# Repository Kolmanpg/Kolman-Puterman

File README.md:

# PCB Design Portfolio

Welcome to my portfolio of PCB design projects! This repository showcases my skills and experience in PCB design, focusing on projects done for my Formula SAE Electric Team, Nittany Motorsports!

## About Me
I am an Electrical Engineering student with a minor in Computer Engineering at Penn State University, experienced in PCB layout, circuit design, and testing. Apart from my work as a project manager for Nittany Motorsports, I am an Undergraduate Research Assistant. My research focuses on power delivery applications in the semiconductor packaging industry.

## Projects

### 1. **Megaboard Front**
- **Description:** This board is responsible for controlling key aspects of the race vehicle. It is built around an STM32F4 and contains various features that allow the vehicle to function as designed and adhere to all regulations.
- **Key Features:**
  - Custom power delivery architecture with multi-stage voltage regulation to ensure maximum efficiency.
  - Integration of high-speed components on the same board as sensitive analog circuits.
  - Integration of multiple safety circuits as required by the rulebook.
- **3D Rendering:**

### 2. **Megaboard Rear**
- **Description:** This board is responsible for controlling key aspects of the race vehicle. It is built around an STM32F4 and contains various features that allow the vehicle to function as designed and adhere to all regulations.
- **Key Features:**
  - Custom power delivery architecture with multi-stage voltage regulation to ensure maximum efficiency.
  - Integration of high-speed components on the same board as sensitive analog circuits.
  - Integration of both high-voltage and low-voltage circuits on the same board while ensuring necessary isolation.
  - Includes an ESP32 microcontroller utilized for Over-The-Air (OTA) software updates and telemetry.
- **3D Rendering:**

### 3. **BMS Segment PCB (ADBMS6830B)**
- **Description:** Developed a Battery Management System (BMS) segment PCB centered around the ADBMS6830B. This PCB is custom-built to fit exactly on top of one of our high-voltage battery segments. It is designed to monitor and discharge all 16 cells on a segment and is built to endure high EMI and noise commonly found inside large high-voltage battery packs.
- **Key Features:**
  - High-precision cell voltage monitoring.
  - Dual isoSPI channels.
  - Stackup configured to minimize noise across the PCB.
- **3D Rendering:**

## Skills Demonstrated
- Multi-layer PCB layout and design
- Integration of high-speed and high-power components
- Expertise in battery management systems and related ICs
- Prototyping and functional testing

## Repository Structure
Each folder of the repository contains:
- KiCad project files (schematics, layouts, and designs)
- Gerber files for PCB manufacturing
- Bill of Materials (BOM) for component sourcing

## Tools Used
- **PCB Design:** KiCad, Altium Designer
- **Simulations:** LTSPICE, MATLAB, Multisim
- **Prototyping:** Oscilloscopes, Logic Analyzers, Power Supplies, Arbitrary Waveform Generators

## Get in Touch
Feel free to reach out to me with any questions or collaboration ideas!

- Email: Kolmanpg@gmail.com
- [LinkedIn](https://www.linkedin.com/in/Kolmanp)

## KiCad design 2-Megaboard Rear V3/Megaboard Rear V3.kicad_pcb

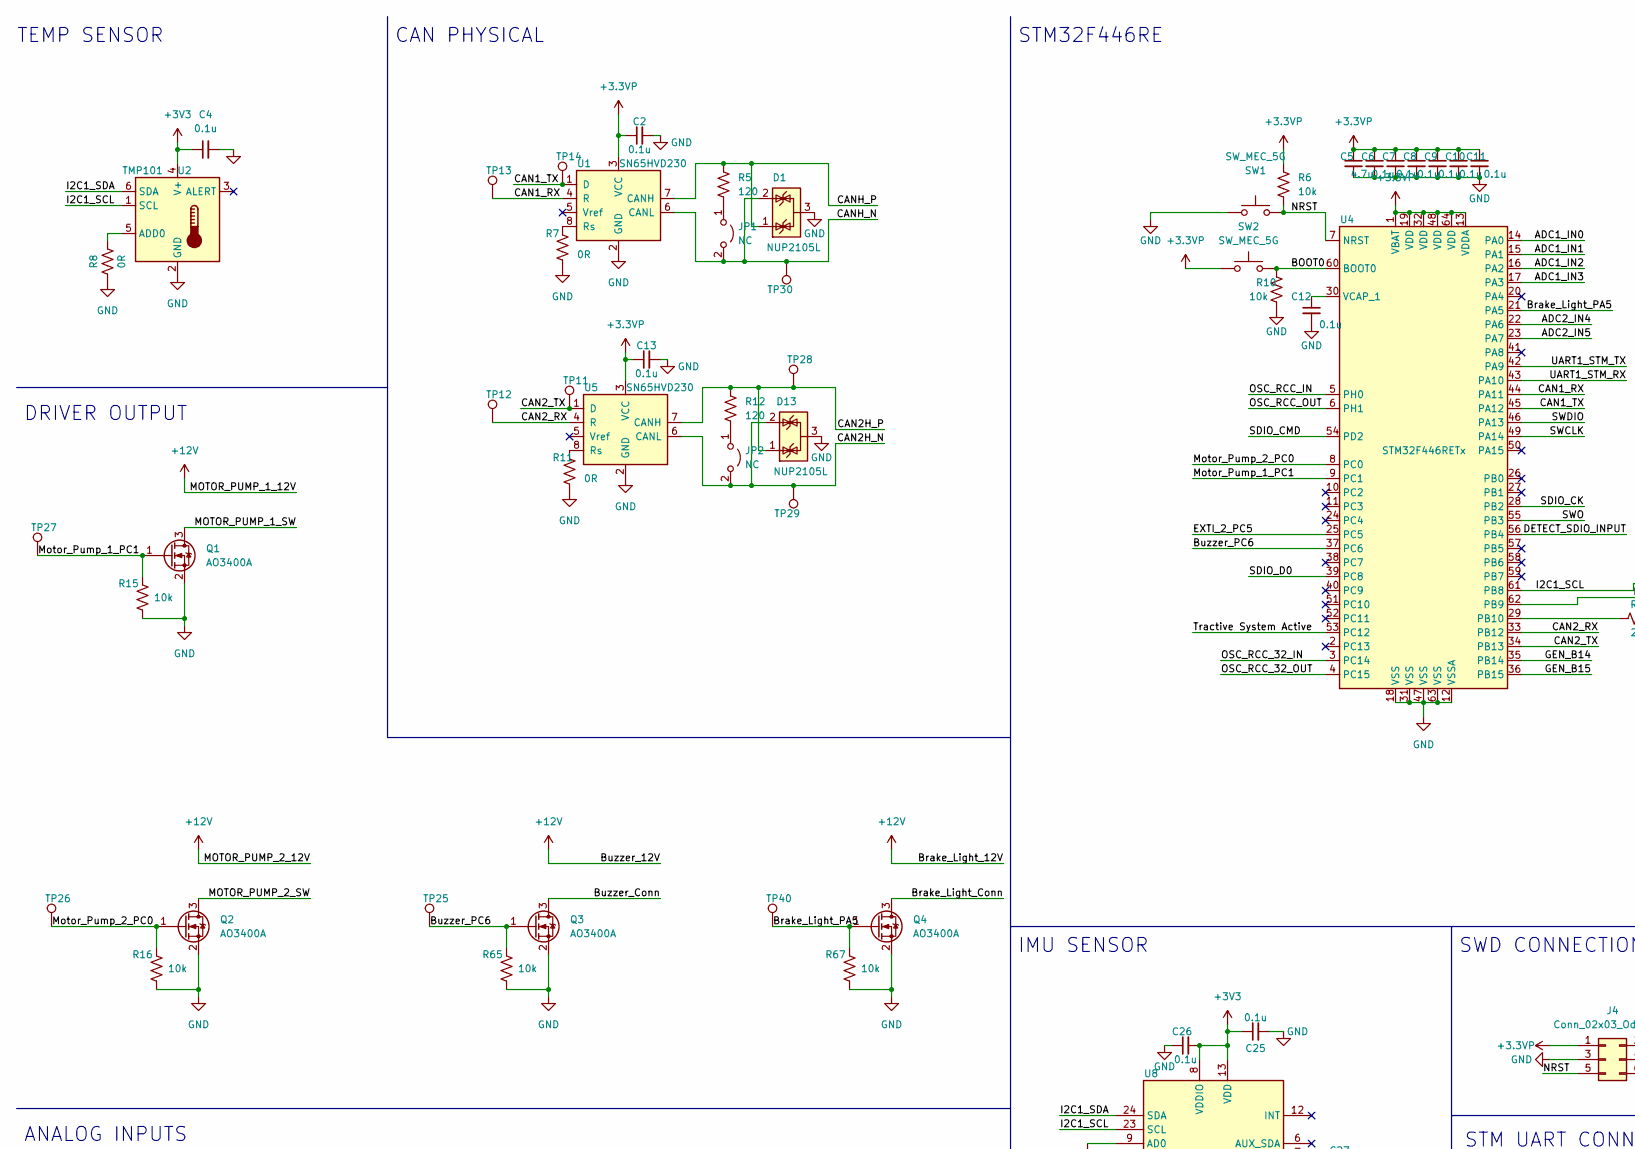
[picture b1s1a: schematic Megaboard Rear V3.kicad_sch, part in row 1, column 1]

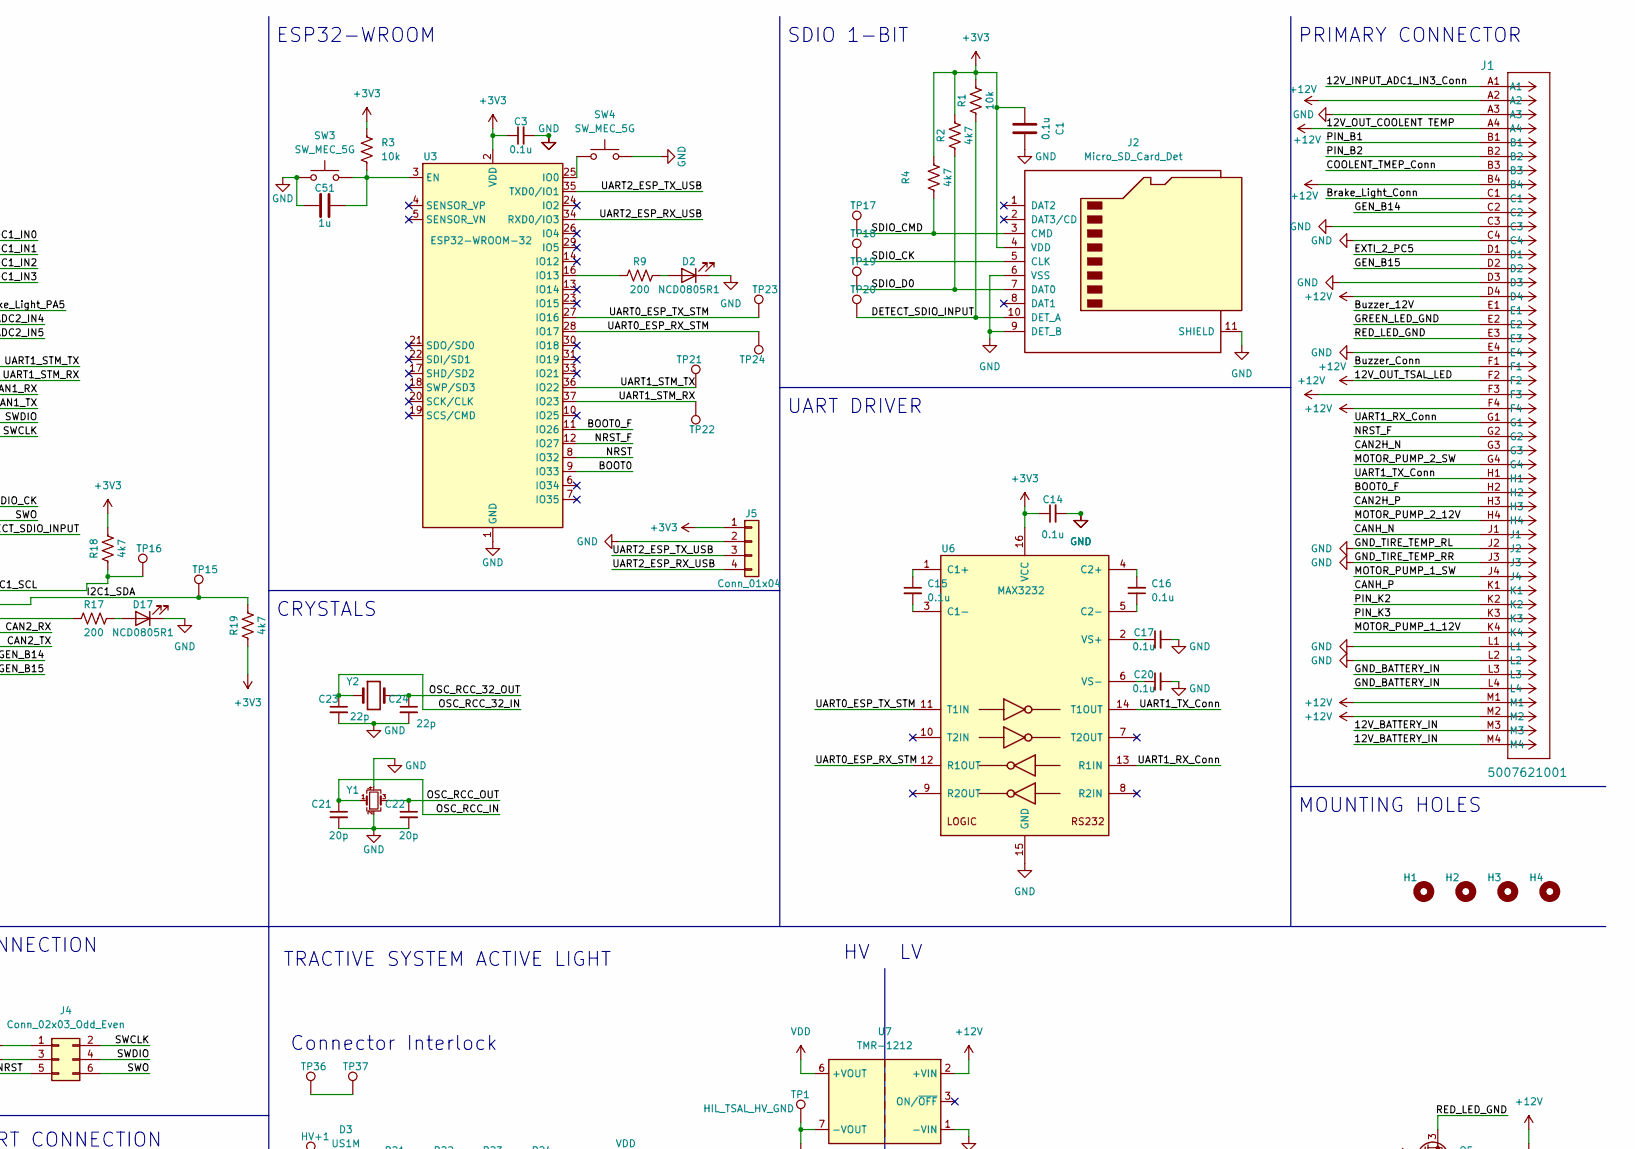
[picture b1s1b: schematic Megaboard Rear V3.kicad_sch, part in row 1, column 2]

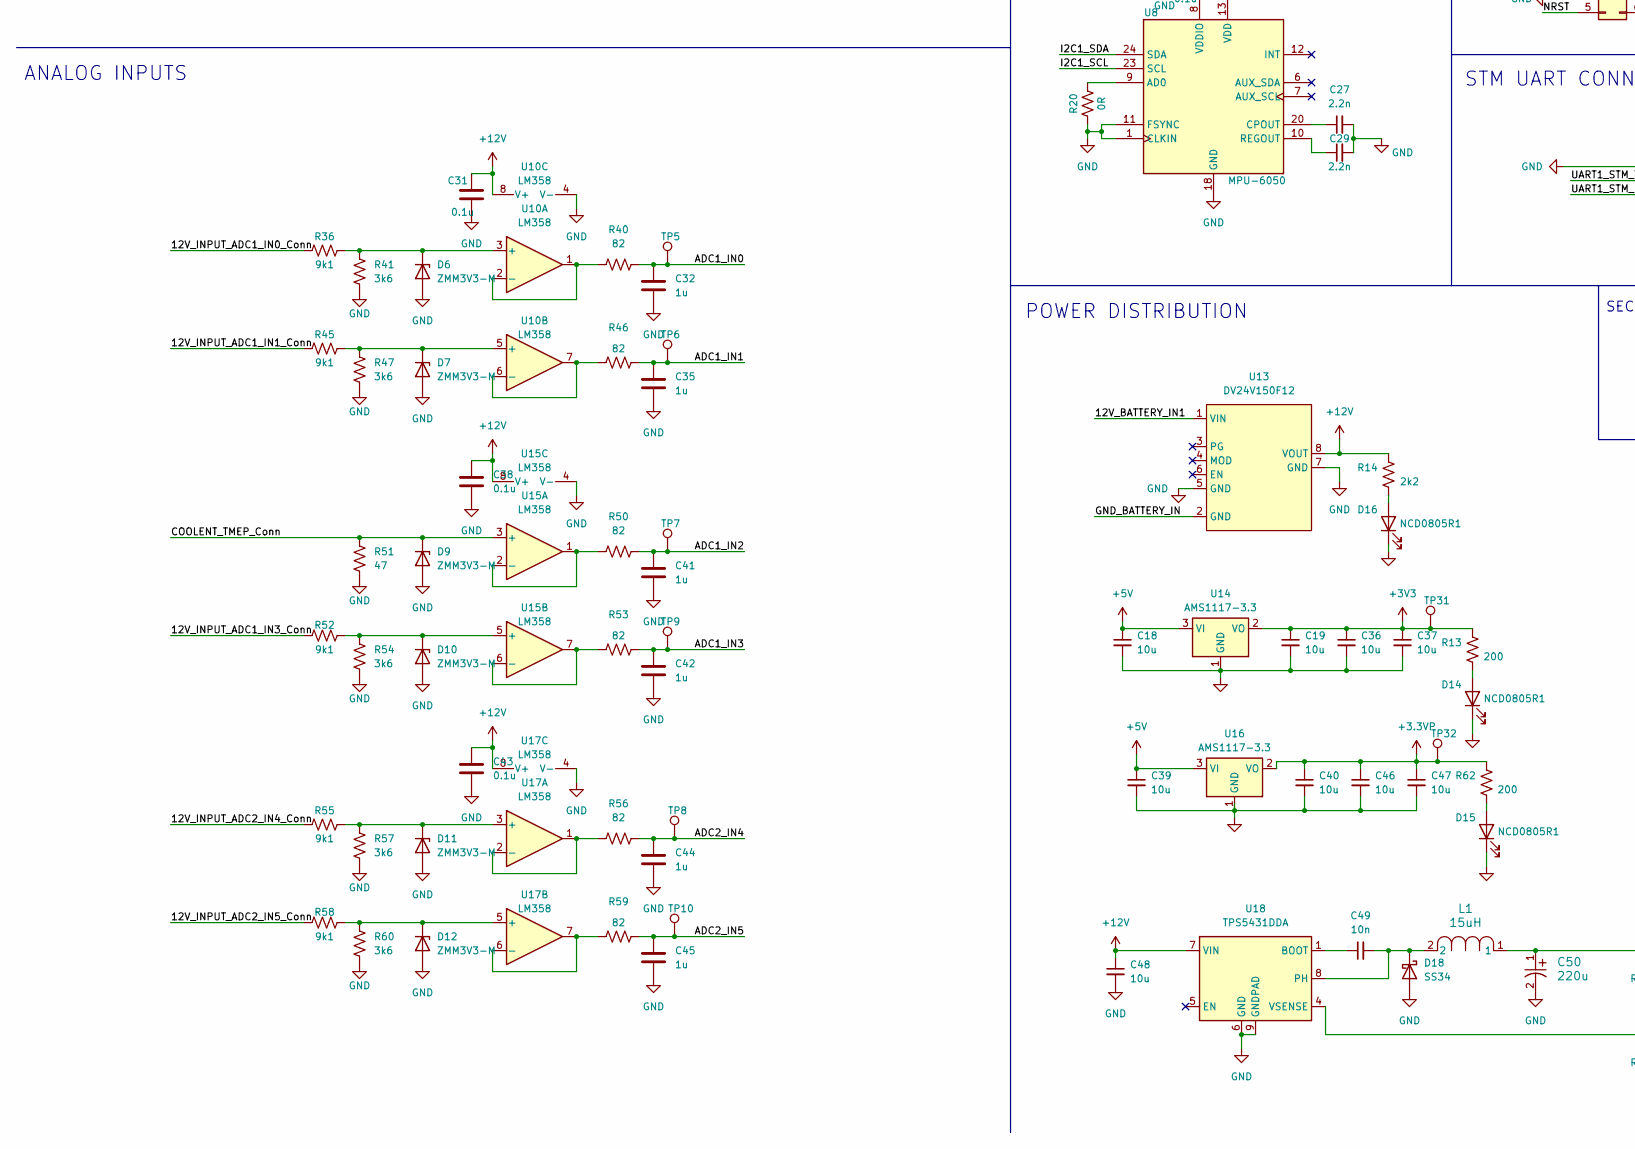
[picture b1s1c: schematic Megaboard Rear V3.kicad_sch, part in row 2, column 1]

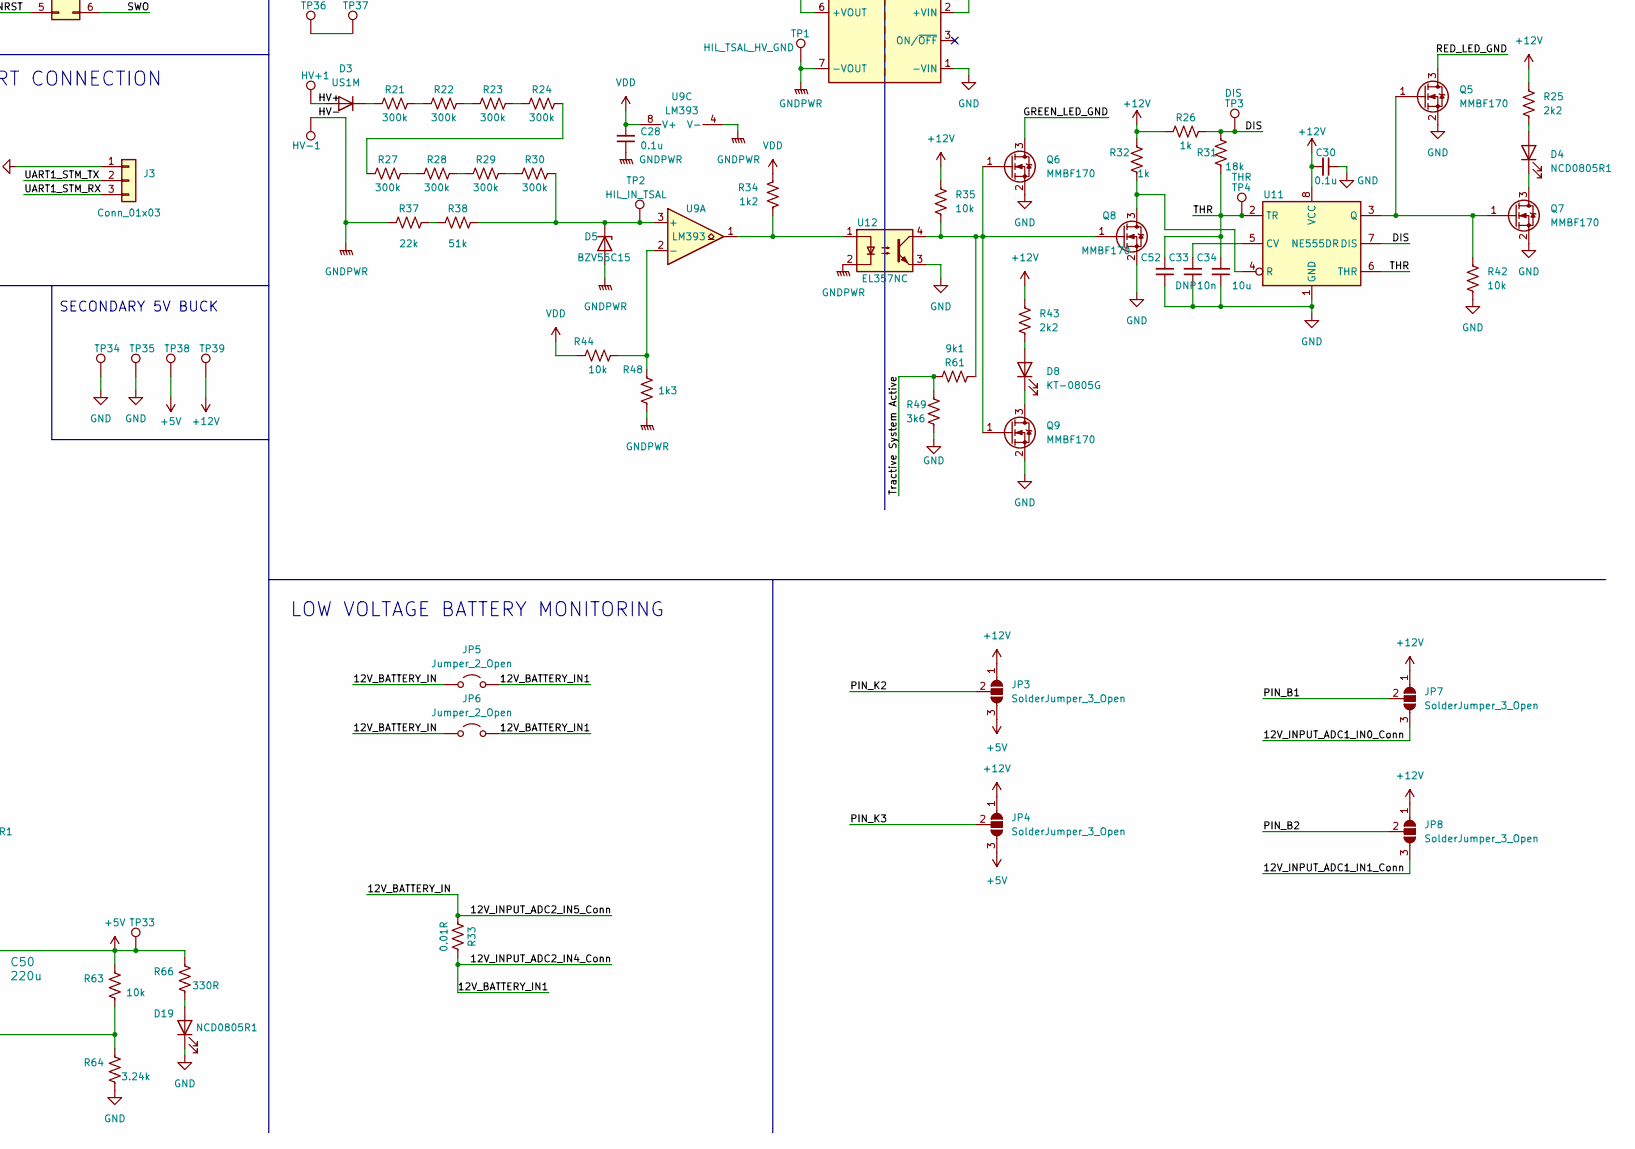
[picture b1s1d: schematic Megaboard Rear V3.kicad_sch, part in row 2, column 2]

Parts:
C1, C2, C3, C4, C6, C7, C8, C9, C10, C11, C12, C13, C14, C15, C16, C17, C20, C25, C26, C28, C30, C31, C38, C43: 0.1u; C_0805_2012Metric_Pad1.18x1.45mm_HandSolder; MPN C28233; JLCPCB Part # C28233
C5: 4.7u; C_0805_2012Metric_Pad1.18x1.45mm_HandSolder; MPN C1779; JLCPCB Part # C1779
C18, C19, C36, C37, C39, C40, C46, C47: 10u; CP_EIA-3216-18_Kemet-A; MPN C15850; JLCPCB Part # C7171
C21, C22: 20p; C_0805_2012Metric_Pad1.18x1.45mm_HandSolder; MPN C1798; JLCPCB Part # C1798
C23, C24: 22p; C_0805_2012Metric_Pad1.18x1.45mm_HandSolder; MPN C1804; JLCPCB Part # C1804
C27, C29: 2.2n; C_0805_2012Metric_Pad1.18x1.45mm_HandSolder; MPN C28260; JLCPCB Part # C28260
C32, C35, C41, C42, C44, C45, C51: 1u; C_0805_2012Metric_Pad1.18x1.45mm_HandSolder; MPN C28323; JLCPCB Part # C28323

========================================

Only the lines above from the one with "[picture b1s1a: schematic" to the one with "[picture b1s1d: schematic" should be printed, both included and exactly as written; no picture belongs in the copy.

• [OUTPUT FOR THIS EXERCISE]
[picture b1s1a: schematic Megaboard Rear V3.kicad_sch, part in row 1, column 1]

[picture b1s1b: schematic Megaboard Rear V3.kicad_sch, part in row 1, column 2]

[picture b1s1c: schematic Megaboard Rear V3.kicad_sch, part in row 2, column 1]

[picture b1s1d: schematic Megaboard Rear V3.kicad_sch, part in row 2, column 2]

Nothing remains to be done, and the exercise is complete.